The quill scale is awkward to install as he said regarding the size of same I am fitting an Mitutoyo thin capacitive scale on my mill with separate readout, but the readout on the scale is perfectly adequate if so desired.


----------



## alloy

Dale, thanks for the pm. No I didn't see your post, I'm on my phone now and the entire thread isn't loading for me. I borrowed my girlfriends computer and now I see it. 

I'm glad you're happy with the DRO. Based in your and Millsalot's recommendation I just ordered the DROp directly from TPAC. 

Did you do a post on your install?  I would be very interested in seeing it if you did.


----------



## alloy

Well finally got home today and after talking to over a hundred people about my conversions I needed to get away and unwind.  So I spent a few hours cleaning and sanding and decided to put a little paint on the ram.  Seems like I've been cleaning and sanding forever and I wanted to see at least some paint on it.  Guess I needed some instant gratification to keep me going and just get rid on some of the ugly green.


----------



## drs23

Progress is progress. What's done is looking good. Keep it up!

Got your TPac DRO ordered yet?


----------



## alloy

Yes I did get the DRO ordered.
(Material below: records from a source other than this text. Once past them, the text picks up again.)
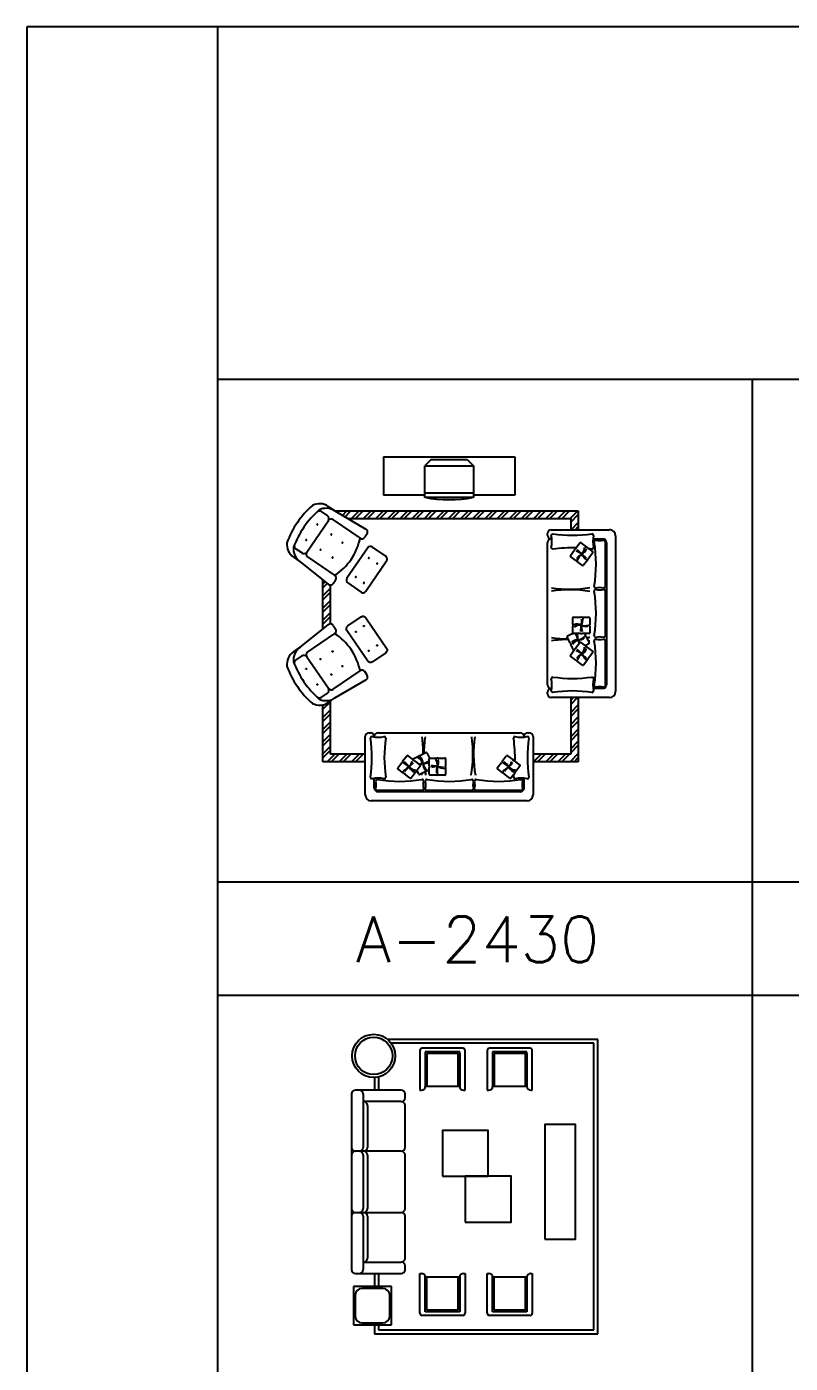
# Model space of a CAD drawing. Extents: x -59 to 107, y 53 to 89.
# Drawn here: x 82.95 to 92.95, y 70.88 to 88.38 of the extents above; entities that cross this region are included whole.
import ezdxf

# ---------------------------------------------------------------- set-up
doc = ezdxf.new("R2010")
doc.units = 0
doc.header["$MEASUREMENT"] = 0
for name, color, linetype in [('ELETRO', 11, 'CONTINUOUS'), ('FOLHA', 3, 'CONTINUOUS'), ('MOBILIA', 2, 'CONTINUOUS'), ('PISO', 11, 'CONTINUOUS')]:
    doc.layers.add(name, color=color, linetype=linetype)
doc.styles.get("Standard").update_dxf_attribs({"font": 'txt.shx', "height": 0.15})
pattern_1 = [(45, (-929.51694, -4930.86783), (-0.079549513, 0.079549513), []), (45, (-929.46391, -4930.86783), (-0.079549513, 0.079549513), [])]

# ---------------------------------------------------------------- blocks, each defined once
blk = doc.blocks.new('FOLHAVERDE')
at = {"layer": 'FOLHA', "linetype": 'CONTINUOUS'}
for p, q in [((-5.455, 37.298), (-29.955, 37.298)), ((-29.955, 37.298), (-29.955, 2.298)), ((-27.455, 37.298), (-27.455, 2.298)), ((-27.455, 35.298), (-27.455, 2.298))]:
    blk.add_line(p, q, dxfattribs=at)

msp = doc.modelspace()

# ---------------------------------------------------------------- hatches: boundary and pattern name
at = {"layer": 'ELETRO'}
h = msp.add_hatch(dxfattribs=at)
h.set_pattern_fill('ANSI32', color=256, scale=0.3, style=0)
h.set_pattern_definition(pattern_1)
h.paths.add_polyline_path([(86.981, 82.038), (87.153, 81.938), (90.07, 81.938), (90.07, 81.793), (90.17, 81.793), (90.17, 82.038)])
h = msp.add_hatch(dxfattribs=at)
h.set_pattern_fill('ANSI32', color=256, scale=0.3, style=0)
h.set_pattern_definition(pattern_1)
h.paths.add_polyline_path([(86.923, 81.069, -0.172554), (86.895, 81.079), (86.823, 81.136), (86.823, 80.491), (86.895, 80.549, -0.172554), (86.923, 80.558)])
h = msp.add_hatch(dxfattribs=at)
h.set_pattern_fill('ANSI32', color=256, scale=0.3, style=0)
h.set_pattern_definition(pattern_1)
h.paths.add_polyline_path([(87.379, 78.755), (87.379, 78.855), (86.923, 78.855), (86.923, 79.55), (86.894, 79.53, -0.096727), (86.823, 79.5), (86.823, 78.755)])
h = msp.add_hatch(dxfattribs=at)
h.set_pattern_fill('ANSI32', color=256, scale=0.3, style=0)
h.set_pattern_definition(pattern_1)
h.paths.add_polyline_path([(90.17, 79.595), (90.07, 79.595), (90.07, 78.855), (89.577, 78.855), (89.577, 78.755), (90.17, 78.755)])

# ---------------------------------------------------------------- linework, layer by layer
for p, q in [((88.241, 82.71), (88.158, 82.627)), ((88.241, 82.71), (88.715, 82.71)), ((88.715, 82.71), (88.798, 82.627)), ((88.798, 82.27), (88.158, 82.27)), ((90.134, 81.546), (90.189, 81.62)), ((90.203, 81.621), (90.273, 81.568)), ((90.289, 81.556), (90.359, 81.503)), ((90.066, 81.457), (90.122, 81.53)), ((90.138, 81.39), (90.068, 81.443)), ((90.224, 81.325), (90.154, 81.378)), ((90.293, 81.4), (90.238, 81.327)), ((90.361, 81.489), (90.305, 81.416)), ((90.097, 80.55), (90.097, 80.638)), ((90.097, 80.442), (90.097, 80.53)), ((90.107, 80.648), (90.199, 80.648)), ((90.219, 80.648), (90.311, 80.648)), ((90.321, 80.638), (90.321, 80.55)), ((90.321, 80.53), (90.321, 80.442)), ((90.063, 80.309), (90.024, 80.388)), ((90.029, 80.401), (90.1, 80.436)), ((90.199, 80.432), (90.107, 80.432)), ((90.311, 80.432), (90.219, 80.432)), ((90.252, 80.432), (90.264, 80.407)), ((90.273, 80.39), (90.311, 80.311)), ((90.066, 80.151), (90.122, 80.225)), ((90.11, 80.212), (90.072, 80.291)), ((90.134, 80.241), (90.189, 80.314)), ((90.203, 80.316), (90.273, 80.263)), ((90.307, 80.297), (90.259, 80.274)), ((90.289, 80.251), (90.359, 80.198)), ((90.361, 80.184), (90.305, 80.11)), ((90.138, 80.084), (90.068, 80.137)), ((90.224, 80.019), (90.154, 80.072)), ((90.293, 80.095), (90.238, 80.021)), ((87.869, 78.762), (87.922, 78.832)), ((87.936, 78.834), (88.009, 78.778)), ((87.997, 78.79), (88.076, 78.828)), ((88.025, 78.766), (88.098, 78.711)), ((88.093, 78.837), (88.172, 78.876)), ((88.186, 78.871), (88.22, 78.8)), ((88.217, 78.701), (88.217, 78.793)), ((88.227, 78.803), (88.315, 78.803)), ((88.334, 78.803), (88.422, 78.803)), ((88.432, 78.793), (88.432, 78.701)), ((89.174, 78.762), (89.227, 78.832)), ((89.241, 78.834), (89.315, 78.778)), ((89.331, 78.766), (89.404, 78.711)), ((87.804, 78.676), (87.857, 78.746)), ((87.879, 78.607), (87.806, 78.662)), ((87.968, 78.539), (87.895, 78.595)), ((88.035, 78.611), (87.982, 78.541)), ((88.1, 78.697), (88.047, 78.627)), ((88.082, 78.593), (88.058, 78.641)), ((88.174, 78.627), (88.095, 78.589)), ((88.217, 78.648), (88.192, 78.636)), ((88.217, 78.589), (88.217, 78.681)), ((88.315, 78.579), (88.227, 78.579)), ((88.422, 78.579), (88.334, 78.579)), ((88.432, 78.681), (88.432, 78.589)), ((89.109, 78.676), (89.162, 78.746)), ((89.185, 78.607), (89.111, 78.662)), ((89.274, 78.539), (89.2, 78.595)), ((89.341, 78.611), (89.288, 78.541)), ((89.406, 78.697), (89.353, 78.627))]:
    msp.add_line(p, q, dxfattribs=at)
for points in [[(86.748, 81.865, 1), (86.755, 81.86, 1)], [(86.931, 81.734, 1), (86.939, 81.729, 1)], [(86.603, 81.661, 1), (86.61, 81.656, 1)], [(87.076, 81.625, 1), (87.083, 81.62, 1)], [(86.789, 81.533, 1), (86.796, 81.528, 1)], [(86.947, 81.43, 1), (86.955, 81.425, 1)], [(87.421, 81.424, 1), (87.428, 81.419, 1)], [(87.531, 81.353, 1), (87.539, 81.348, 1)], [(87.251, 81.176, 1), (87.259, 81.171, 1)], [(87.358, 81.099, 1), (87.365, 81.094, 1)], [(87.358, 80.529, -1), (87.365, 80.534, -1)], [(87.251, 80.451, -1), (87.259, 80.456, -1)], [(86.947, 80.197, -1), (86.955, 80.202, -1)], [(87.421, 80.204, -1), (87.428, 80.209, -1)], [(87.531, 80.275, -1), (87.539, 80.28, -1)], [(86.789, 80.094, -1), (86.796, 80.099, -1)], [(87.076, 80.002, -1), (87.083, 80.007, -1)], [(86.603, 79.967, -1), (86.61, 79.972, -1)], [(86.931, 79.893, -1), (86.939, 79.898, -1)], [(86.748, 79.763, -1), (86.755, 79.768, -1)]]:
    msp.add_lwpolyline(points, format="xyb", close=True, dxfattribs=at)
for centre, radius, start, end in [((88.478, 83.859), 1.673, 258.9759, 281.0241), ((90.197, 81.614), 0.0099, 52.8337, 142.8337), ((90.122, 81.566), 0.131, 314.3607, 357.525), ((90.267, 81.56), 0.0099, 322.8337, 52.8337), ((90.283, 81.548), 0.0099, 52.8337, 142.8337), ((90.074, 81.451), 0.0099, 142.8337, 232.8337), ((90.119, 81.522), 0.0099, 206.0793, 215.3871), ((90.129, 81.524), 0.0099, 52.8337, 142.8337), ((90.141, 81.54), 0.0099, 142.8337, 232.8337), ((90.144, 81.398), 0.0099, 232.8337, 322.8337), ((90.011, 81.199), 0.341, 53.4387, 67.1255), ((90.16, 81.386), 0.0099, 142.8337, 232.8337), ((90.284, 81.341), 0.15, 118.3218, 152.2851), ((90.383, 81.283), 0.254, 131.737, 154.0548), ((89.95, 81.257), 0.341, 39.4119, 53.0987), ((90.178, 81.568), 0.101, 290.5294, 346.4081), ((90.465, 81.703), 0.341, 222.3507, 236.0375), ((90.438, 81.592), 0.254, 207.775, 230.0928), ((90.297, 81.422), 0.0099, 232.8337, 322.8337), ((90.285, 81.406), 0.0099, 322.8337, 52.8337), ((90.353, 81.495), 0.0099, 322.8337, 52.8337), ((90.23, 81.333), 0.0099, 232.8337, 322.8337), ((90.107, 80.638), 0.0099, 90, 180), ((90.107, 80.55), 0.0099, 180, 270), ((90.107, 80.53), 0.0099, 90, 180), ((90.155, 80.455), 0.101, 57.6957, 113.5744), ((90.19, 80.411), 0.131, 81.5271, 124.6913), ((90.199, 80.638), 0.0099, 0, 90), ((90.54, 80.461), 0.341, 166.5783, 180.2651), ((90.219, 80.638), 0.0099, 90, 180), ((89.979, 80.648), 0.254, 334.9413, 357.2592), ((89.874, 80.602), 0.341, 349.5171, 3.2039), ((90.55, 80.544), 0.341, 180.605, 194.2918), ((90.271, 80.677), 0.15, 245.4882, 279.4515), ((90.258, 80.79), 0.254, 258.9033, 281.2211), ((90.311, 80.638), 0.0099, 0, 90), ((90.311, 80.55), 0.0099, 270, 0), ((90.311, 80.53), 0.0099, 0, 90), ((90.033, 80.392), 0.0099, 116.0793, 206.0793), ((90.157, 80.249), 0.101, 83.775, 139.6537), ((90.207, 80.225), 0.131, 107.6064, 150.7706), ((90.107, 80.442), 0.0099, 180, 270), ((89.84, 80.258), 0.341, 15.5964, 29.2832), ((89.913, 80.345), 0.254, 1.0206, 20.1576), ((90.472, 80.503), 0.341, 206.6843, 213.83), ((90.102, 80.595), 0.254, 284.9826, 307.3004), ((90.164, 80.499), 0.15, 271.5675, 305.5308), ((90.5, 80.424), 0.341, 192.6575, 200.6718), ((90.199, 80.442), 0.0099, 270, 0), ((90.219, 80.442), 0.0099, 180, 270), ((90.255, 80.403), 0.0099, 296.0793, 26.0793), ((90.264, 80.385), 0.0099, 26.0793, 116.0793), ((90.311, 80.442), 0.0099, 270, 0), ((90.072, 80.313), 0.0099, 206.0793, 296.0793), ((90.074, 80.145), 0.0099, 142.8337, 232.8337), ((90.08, 80.296), 0.0099, 116.0793, 206.0793), ((90.119, 80.217), 0.0099, 206.0793, 215.3871), ((90.129, 80.219), 0.0099, 52.8337, 142.8337), ((90.141, 80.235), 0.0099, 142.8337, 232.8337), ((90.011, 79.894), 0.341, 53.4387, 67.1255), ((90.284, 80.036), 0.15, 118.3218, 152.2851), ((90.383, 79.978), 0.254, 131.737, 154.0548), ((89.95, 79.951), 0.341, 39.4119, 53.0987), ((90.197, 80.308), 0.0099, 52.8337, 142.8337), ((90.122, 80.261), 0.131, 314.3607, 357.525), ((90.178, 80.262), 0.101, 290.5294, 346.4081), ((90.438, 80.286), 0.254, 207.775, 230.0928), ((90.465, 80.397), 0.341, 222.3507, 236.0375), ((90.267, 80.255), 0.0099, 322.8337, 52.8337), ((90.283, 80.243), 0.0099, 52.8337, 142.8337), ((90.302, 80.306), 0.0099, 296.0793, 26.0793), ((90.353, 80.19), 0.0099, 322.8337, 52.8337), ((90.144, 80.092), 0.0099, 232.8337, 322.8337), ((90.16, 80.08), 0.0099, 142.8337, 232.8337), ((90.23, 80.027), 0.0099, 232.8337, 322.8337), ((90.297, 80.116), 0.0099, 232.8337, 322.8337), ((90.285, 80.101), 0.0099, 322.8337, 52.8337), ((87.865, 78.74), 0.0099, 52.8337, 142.8337), ((87.877, 78.756), 0.0099, 142.8337, 232.8337), ((87.93, 78.826), 0.0099, 52.8337, 142.8337), ((87.678, 78.889), 0.341, 323.4387, 337.1255), ((88.001, 78.781), 0.0099, 116.0793, 125.3871), ((88.003, 78.77), 0.0099, 322.8337, 52.8337), ((88.019, 78.758), 0.0099, 52.8337, 142.8337), ((88.009, 78.693), 0.131, 17.6064, 60.7706), ((88.08, 78.819), 0.0099, 26.0793, 116.0793), ((88.098, 78.828), 0.0099, 116.0793, 206.0793), ((88.033, 78.743), 0.101, 353.775, 49.6537), ((88.042, 79.06), 0.341, 285.5964, 299.2832), ((88.177, 78.867), 0.0099, 26.0793, 116.0793), ((88.227, 78.793), 0.0099, 90, 180), ((88.195, 78.71), 0.131, 351.5271, 34.6913), ((88.315, 78.793), 0.0099, 0, 90), ((88.334, 78.793), 0.0099, 90, 180), ((88.239, 78.745), 0.101, 327.6957, 23.5744), ((88.422, 78.793), 0.0099, 0, 90), ((89.17, 78.74), 0.0099, 52.8337, 142.8337), ((89.182, 78.756), 0.0099, 142.8337, 232.8337), ((89.235, 78.826), 0.0099, 52.8337, 142.8337), ((88.984, 78.889), 0.341, 323.4387, 337.1255), ((89.307, 78.781), 0.0099, 116.0793, 125.3871), ((89.309, 78.77), 0.0099, 322.8337, 52.8337), ((89.325, 78.758), 0.0099, 52.8337, 142.8337), ((87.812, 78.67), 0.0099, 142.8337, 232.8337), ((87.762, 78.517), 0.254, 41.737, 64.0548), ((88.07, 78.461), 0.254, 117.775, 140.0928), ((87.885, 78.615), 0.0099, 232.8337, 322.8337), ((87.82, 78.615), 0.15, 28.3218, 62.2851), ((87.901, 78.603), 0.0099, 142.8337, 232.8337), ((88.181, 78.435), 0.341, 132.3507, 146.0375), ((87.736, 78.95), 0.341, 309.4119, 323.0987), ((88.046, 78.722), 0.101, 200.5294, 256.4081), ((88.045, 78.778), 0.131, 224.3607, 267.525), ((88.039, 78.633), 0.0099, 232.8337, 322.8337), ((88.027, 78.617), 0.0099, 322.8337, 52.8337), ((88.091, 78.598), 0.0099, 206.0793, 296.0793), ((88.208, 78.4), 0.341, 102.6575, 110.6718), ((88.287, 78.428), 0.341, 116.6843, 123.83), ((88.092, 78.703), 0.0099, 322.8337, 52.8337), ((88.129, 78.986), 0.254, 271.0206, 290.1576), ((88.379, 78.798), 0.254, 194.9826, 217.3004), ((88.284, 78.736), 0.15, 181.5675, 215.5308), ((88.17, 78.636), 0.0099, 296.0793, 26.0793), ((88.187, 78.645), 0.0099, 206.0793, 296.0793), ((88.227, 78.701), 0.0099, 180, 270), ((88.227, 78.681), 0.0099, 90, 180), ((88.227, 78.589), 0.0099, 180, 270), ((88.245, 78.359), 0.341, 76.5783, 90.2651), ((88.329, 78.35), 0.341, 90.605, 104.2918), ((88.461, 78.629), 0.15, 155.4882, 189.4515), ((88.315, 78.589), 0.0099, 270, 0), ((88.574, 78.642), 0.254, 168.9033, 191.2211), ((88.432, 78.921), 0.254, 244.9413, 267.2592), ((88.386, 79.026), 0.341, 259.5171, 273.2039), ((88.334, 78.589), 0.0099, 180, 270), ((88.422, 78.701), 0.0099, 270, 0), ((88.422, 78.681), 0.0099, 0, 90), ((88.422, 78.589), 0.0099, 270, 0), ((89.117, 78.67), 0.0099, 142.8337, 232.8337), ((89.068, 78.517), 0.254, 41.737, 64.0548), ((89.376, 78.461), 0.254, 117.775, 140.0928), ((89.191, 78.615), 0.0099, 232.8337, 322.8337), ((89.126, 78.615), 0.15, 28.3218, 62.2851), ((89.206, 78.603), 0.0099, 142.8337, 232.8337), ((89.487, 78.435), 0.341, 132.3507, 146.0375), ((89.041, 78.95), 0.341, 309.4119, 323.0987), ((89.352, 78.722), 0.101, 200.5294, 256.4081), ((89.351, 78.778), 0.131, 224.3607, 267.525), ((89.345, 78.633), 0.0099, 232.8337, 322.8337), ((89.333, 78.617), 0.0099, 322.8337, 52.8337), ((89.398, 78.703), 0.0099, 322.8337, 52.8337), ((87.974, 78.547), 0.0099, 232.8337, 322.8337)]:
    msp.add_arc(centre, radius, start, end, dxfattribs=at)
at = {"layer": 'FOLHA', "linetype": 'CONTINUOUS'}
for p, q in [((107.445, 83.759), (85.445, 83.759)), ((92.445, 83.759), (92.445, 54.973)), ((85.445, 77.18), (107.445, 77.18)), ((85.445, 75.7), (107.445, 75.7))]:
    msp.add_line(p, q, dxfattribs=at)
at = {"layer": 'MOBILIA', "linetype": 'CONTINUOUS'}
for p, q in [((87.618, 82.747), (87.618, 82.247)), ((87.618, 82.747), (89.338, 82.747)), ((88.158, 82.216), (88.158, 82.627)), ((88.158, 82.627), (88.798, 82.627)), ((88.798, 82.627), (88.798, 82.216)), ((89.338, 82.747), (89.338, 82.247)), ((88.158, 82.247), (87.618, 82.247)), ((88.798, 82.216), (88.158, 82.216)), ((89.338, 82.247), (88.798, 82.247)), ((86.981, 82.038), (90.17, 82.038)), ((87.153, 81.938), (90.07, 81.938)), ((90.07, 81.938), (90.07, 81.793)), ((90.17, 82.038), (90.17, 81.793)), ((86.823, 80.491), (86.823, 81.136)), ((86.923, 80.558), (86.923, 81.069)), ((86.823, 78.755), (86.823, 79.5)), ((86.923, 78.855), (86.923, 79.555)), ((90.07, 79.595), (90.07, 78.855)), ((90.17, 79.595), (90.17, 78.755)), ((87.379, 78.755), (86.823, 78.755)), ((87.379, 78.855), (86.923, 78.855)), ((90.07, 78.855), (89.577, 78.855)), ((90.17, 78.755), (89.577, 78.755))]:
    msp.add_line(p, q, dxfattribs=at)
at = {"layer": 'MOBILIA'}
for p, q in [((86.894, 82.097), (86.981, 82.038)), ((86.613, 81.499), (86.896, 81.912)), ((86.802, 82.03), (86.884, 81.974)), ((86.958, 81.924), (87.312, 81.681)), ((86.981, 82.038), (87.389, 81.801)), ((86.981, 82.038), (87.389, 81.801)), ((86.981, 82.038), (87.389, 81.801)), ((87.404, 81.737), (87.374, 81.693)), ((87.404, 81.737), (87.374, 81.693)), ((87.404, 81.737), (87.374, 81.693)), ((89.766, 81.723), (89.766, 81.743)), ((89.815, 81.793), (90.578, 81.793)), ((89.766, 79.763), (89.766, 81.624)), ((89.815, 81.674), (89.822, 81.674)), ((90.362, 81.674), (90.489, 81.674)), ((90.538, 81.624), (90.538, 79.763)), ((90.657, 81.714), (90.657, 79.674)), ((86.44, 81.434), (86.527, 81.374)), ((86.469, 81.544), (86.551, 81.488)), ((86.625, 81.437), (86.979, 81.195)), ((86.526, 81.374), (86.895, 81.079)), ((86.526, 81.374), (86.895, 81.079)), ((86.526, 81.374), (86.895, 81.079)), ((86.96, 81.088), (86.99, 81.133)), ((86.96, 81.088), (86.99, 81.133)), ((86.96, 81.088), (86.99, 81.133)), ((86.526, 80.254), (86.895, 80.549)), ((86.526, 80.254), (86.895, 80.549)), ((86.526, 80.254), (86.895, 80.549)), ((86.96, 80.539), (86.99, 80.494)), ((86.96, 80.539), (86.99, 80.494)), ((86.96, 80.539), (86.99, 80.494)), ((86.625, 80.19), (86.979, 80.432)), ((86.44, 80.193), (86.527, 80.253)), ((86.469, 80.084), (86.551, 80.14)), ((86.613, 80.128), (86.896, 79.716)), ((86.958, 79.704), (87.312, 79.946)), ((86.981, 79.59), (87.389, 79.827)), ((86.981, 79.59), (87.389, 79.827)), ((86.981, 79.59), (87.389, 79.827)), ((87.404, 79.89), (87.374, 79.934)), ((87.404, 79.89), (87.374, 79.934)), ((87.404, 79.89), (87.374, 79.934)), ((86.802, 79.597), (86.884, 79.653)), ((89.766, 79.644), (89.766, 79.664)), ((89.821, 79.714), (89.815, 79.714)), ((90.489, 79.714), (90.364, 79.714)), ((86.894, 79.53), (86.981, 79.59)), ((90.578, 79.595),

Got a ship notification for it and a link for tracking but the link is bad. Also got a ship notice on the Hatachi VFD. Should be here either Friday or Monday. Hopefully it will be Friday, I would like to get power to it as soon as I can. I need to make the Z axis scale mount. I can do it at my friends shop, but it would be so much easier to do it at home. 

Another member here has generously offered to help me wire it up with the switches like I want. It's a bit of a drive to him, but it's worth it knowing it will be done safely and correctly. 

I took some pics of the Z axis scale mounts on our Bridgeport here at work that has a Acu-rite on it. Looks like the scale is longer than needed just like the one I bought. So I'm going to try and pattern my mounts on what they did. I'm sure I will have to customize the mounts to the different brand of scale and to put my own custom touch on it, but at least I have a good idea where to start. 

Boy I hate being at work now, rather be home playing with my toy instead of reading and correcting programs and making parts for someone else


----------



## alloy

Millalot said:


> The dealer looks to be good one his postage to Australia is only $52 which is very fair.



I just looked at the Fed-X tracking info and it says my package is 30lbs.  So $52 to Australia is way under his cost.  I ship transmissions housings to Australia that are 12 lbs and it's between $125 and $135.  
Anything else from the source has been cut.